Sono partite questa mattina da Bari alla volta del Kennedy Space Center della Nasa a Cape Canaveral, in Florida, le cellule ossee che saranno trattate nello spazio e poi studiate da un gruppo di ricerca dell’università di Bari.
L’esperimento, il cui avvio è in programma il 2 aprile con il lancio della capsula Dragon, resterà in orbita per 21 giorni a bordo della Stazione Spaziale Internazionale. Le cellule ossee saranno trattate con la molecola Irisina che, stando agli studi del gruppo coordinato da Maria Grano, ordinario di istologia presso la scuola di Medicina dell’Ateneo barese, è potenzialmente capace di prevenire e curare osteoporosi e atrofia muscolare.
L’importanza dell’esperimento deriva dal fatto che tra gli organi che, più risentono degli effetti della permanenza nello spazio, sicuramente l’apparato muscolo-scheletrico è quello più colpito.
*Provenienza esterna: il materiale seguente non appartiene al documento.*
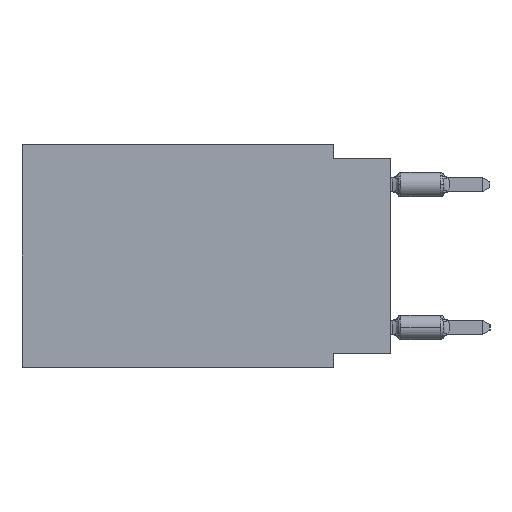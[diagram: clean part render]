
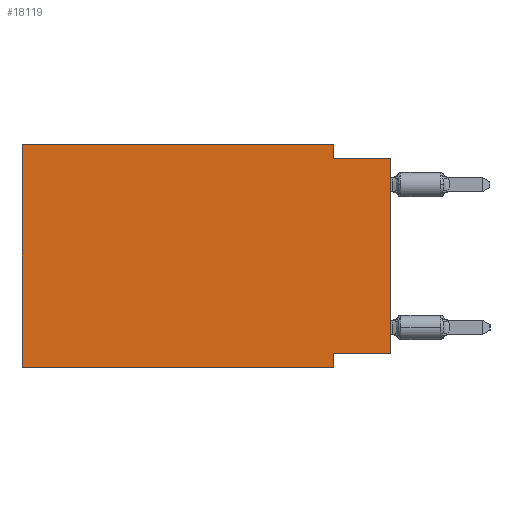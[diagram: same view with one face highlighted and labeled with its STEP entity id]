
A CAD part, left-side view. The second image highlights one B-rep face of the part: STEP entity #18119.
In plain terms, the highlighted planar face has unit normal (-1, 0, 0).
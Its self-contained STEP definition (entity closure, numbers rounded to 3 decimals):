
#86 = DIRECTION ( 'NONE',  ( 0., 0., -1. ) ) ;
#3744 = ORIENTED_EDGE ( 'NONE', *, *, #49222, .F. ) ;
#3989 = ORIENTED_EDGE ( 'NONE', *, *, #62299, .F. ) ;
#5408 = LINE ( 'NONE', #26151, #57064 ) ;
#5851 = CARTESIAN_POINT ( 'NONE',  ( 0., 0., -0.635 ) ) ;
#6287 = CARTESIAN_POINT ( 'NONE',  ( 0., 16.383, 0. ) ) ;
#6792 = VECTOR ( 'NONE', #9821, 1000. ) ;
#6972 = DIRECTION ( 'NONE',  ( 0., 0., -1. ) ) ;
#8607 = VERTEX_POINT ( 'NONE', #64791 ) ;
#9821 = DIRECTION ( 'NONE',  ( 0., -1., 0. ) ) ;
#10941 = VERTEX_POINT ( 'NONE', #16038 ) ;
#12002 = EDGE_CURVE ( 'NONE', #10941, #59743, #24647, .T. ) ;
#12085 = ORIENTED_EDGE ( 'NONE', *, *, #16520, .F. ) ;
#14094 = VECTOR ( 'NONE', #20846, 1000. ) ;
#15169 = LINE ( 'NONE', #30909, #21262 ) ;
#16038 = CARTESIAN_POINT ( 'NONE',  ( 0., 0., -9.271 ) ) ;
#16520 = EDGE_CURVE ( 'NONE', #10941, #8607, #5408, .T. ) ;
#16609 = ORIENTED_EDGE ( 'NONE', *, *, #45371, .T. ) ;
#17407 = ORIENTED_EDGE ( 'NONE', *, *, #27676, .F. ) ;
#17441 = EDGE_LOOP ( 'NONE', ( #27811, #17407, #40374, #43401, #3744, #16609, #3989, #12085 ) ) ;
#18110 = VERTEX_POINT ( 'NONE', #48872 ) ;
#18119 = ADVANCED_FACE ( 'NONE', ( #39170 ), #39827, .F. ) ;
#19850 = CARTESIAN_POINT ( 'NONE',  ( 0., 16.383, 0. ) ) ;
#20692 = CARTESIAN_POINT ( 'NONE',  ( 0., 2.54, -9.906 ) ) ;
#20846 = DIRECTION ( 'NONE',  ( 0., -1., 0. ) ) ;
#21257 = CARTESIAN_POINT ( 'NONE',  ( 0., 2.54, -0.635 ) ) ;
#21262 = VECTOR ( 'NONE', #86, 1000. ) ;
#22040 = CARTESIAN_POINT ( 'NONE',  ( 0., 2.54, 0. ) ) ;
#23878 = LINE ( 'NONE', #63434, #49021 ) ;
#24141 = LINE ( 'NONE', #28173, #64699 ) ;
#24647 = LINE ( 'NONE', #42847, #60997 ) ;
#26151 = CARTESIAN_POINT ( 'NONE',  ( 0., 0., -9.271 ) ) ;
#27676 = EDGE_CURVE ( 'NONE', #60977, #59743, #40950, .T. ) ;
#27811 = ORIENTED_EDGE ( 'NONE', *, *, #12002, .T. ) ;
#28173 = CARTESIAN_POINT ( 'NONE',  ( 0., 16.383, 0. ) ) ;
#29872 = VERTEX_POINT ( 'NONE', #6287 ) ;
#30909 = CARTESIAN_POINT ( 'NONE',  ( 0., 2.54, -9.906 ) ) ;
#36166 = EDGE_CURVE ( 'NONE', #29872, #18110, #65747, .T. ) ;
#36893 = AXIS2_PLACEMENT_3D ( 'NONE', #50222, #60262, #43843 ) ;
#38531 = VERTEX_POINT ( 'NONE', #20692 ) ;
#38963 = DIRECTION ( 'NONE',  ( 0., -1., 0. ) ) ;
#39170 = FACE_OUTER_BOUND ( 'NONE', #17441, .T. ) ;
#39827 = PLANE ( 'NONE',  #36893 ) ;
#40058 = EDGE_CURVE ( 'NONE', #18110, #60977, #52843, .T. ) ;
#40374 = ORIENTED_EDGE ( 'NONE', *, *, #40058, .F. ) ;
#40950 = LINE ( 'NONE', #61400, #14094 ) ;
#42847 = CARTESIAN_POINT ( 'NONE',  ( 0., 0., 0. ) ) ;
#43401 = ORIENTED_EDGE ( 'NONE', *, *, #36166, .F. ) ;
#43843 = DIRECTION ( 'NONE',  ( 0., 0., -1. ) ) ;
#45075 = DIRECTION ( 'NONE',  ( 0., 0., 1. ) ) ;
#45371 = EDGE_CURVE ( 'NONE', #65793, #38531, #23878, .T. ) ;
#48872 = CARTESIAN_POINT ( 'NONE',  ( 0., 2.54, 0. ) ) ;
#49021 = VECTOR ( 'NONE', #38963, 1000. ) ;
#49222 = EDGE_CURVE ( 'NONE', #65793, #29872, #24141, .T. ) ;
#50222 = CARTESIAN_POINT ( 'NONE',  ( 0., 16.383, 0. ) ) ;
#52843 = LINE ( 'NONE', #22040, #59416 ) ;
#57064 = VECTOR ( 'NONE', #61351, 1000. ) ;
#58661 = DIRECTION ( 'NONE',  ( 0., 0., 1. ) ) ;
#58882 = CARTESIAN_POINT ( 'NONE',  ( 0., 16.383, -9.906 ) ) ;
#59416 = VECTOR ( 'NONE', #6972, 1000. ) ;
#59743 = VERTEX_POINT ( 'NONE', #5851 ) ;
#60262 = DIRECTION ( 'NONE',  ( 1., 0., 0. ) ) ;
#60977 = VERTEX_POINT ( 'NONE', #21257 ) ;
#60997 = VECTOR ( 'NONE', #45075, 1000. ) ;
#61351 = DIRECTION ( 'NONE',  ( 0., 1., 0. ) ) ;
#61400 = CARTESIAN_POINT ( 'NONE',  ( 0., 0., -0.635 ) ) ;
#62299 = EDGE_CURVE ( 'NONE', #8607, #38531, #15169, .T. ) ;
#63434 = CARTESIAN_POINT ( 'NONE',  ( 0., 16.383, -9.906 ) ) ;
#64699 = VECTOR ( 'NONE', #58661, 1000. ) ;
#64791 = CARTESIAN_POINT ( 'NONE',  ( 0., 2.54, -9.271 ) ) ;
#65747 = LINE ( 'NONE', #19850, #6792 ) ;
#65793 = VERTEX_POINT ( 'NONE', #58882 ) ;

La perdita di massa ossea a cui vanno incontro gli astronauti dopo 1 mese di permanenza nello spazio è pari alla perdita ossea a cui vanno incontro le donne in post-menopausa in 1 anno. Lo spazio si può, infatti, definire come una “macchina del tempo”, in cui i processi di invecchiamento sono accelerati e rendono le cellule più “anziane” in pochi giorni. Pertanto, lo Spazio offre agli scienziati, in un tempo breve, la possibilità di valutare le alterazioni molecolari, che sulla Terra si verificano molto più lentamente durante l’invecchiamento e, nello stesso tempo, è possibile testare l’azione di molecole a scopo terapeutico.
Il ruolo di Irisina sulla massa ossea e muscolare ha rappresentato una recente scoperta del gruppo di ricerca coordinato da Maria Grano e i risultati sono stati oggetto di concessione di brevetto nazionale ed internazionale. Lo studio, durato circa sei anni, ha rivelato che la somministrazione di Irisina, molecola prodotta dal muscolo durante l’esercizio fisico, è in grado di prevenire e curare lo sviluppo di osteoporosi e atrofia muscolare in modelli animali osteoporotici. In altre parole Irisina è capace di indurre formazione di nuovo osso e rende lo scheletro più resistente alle fratture.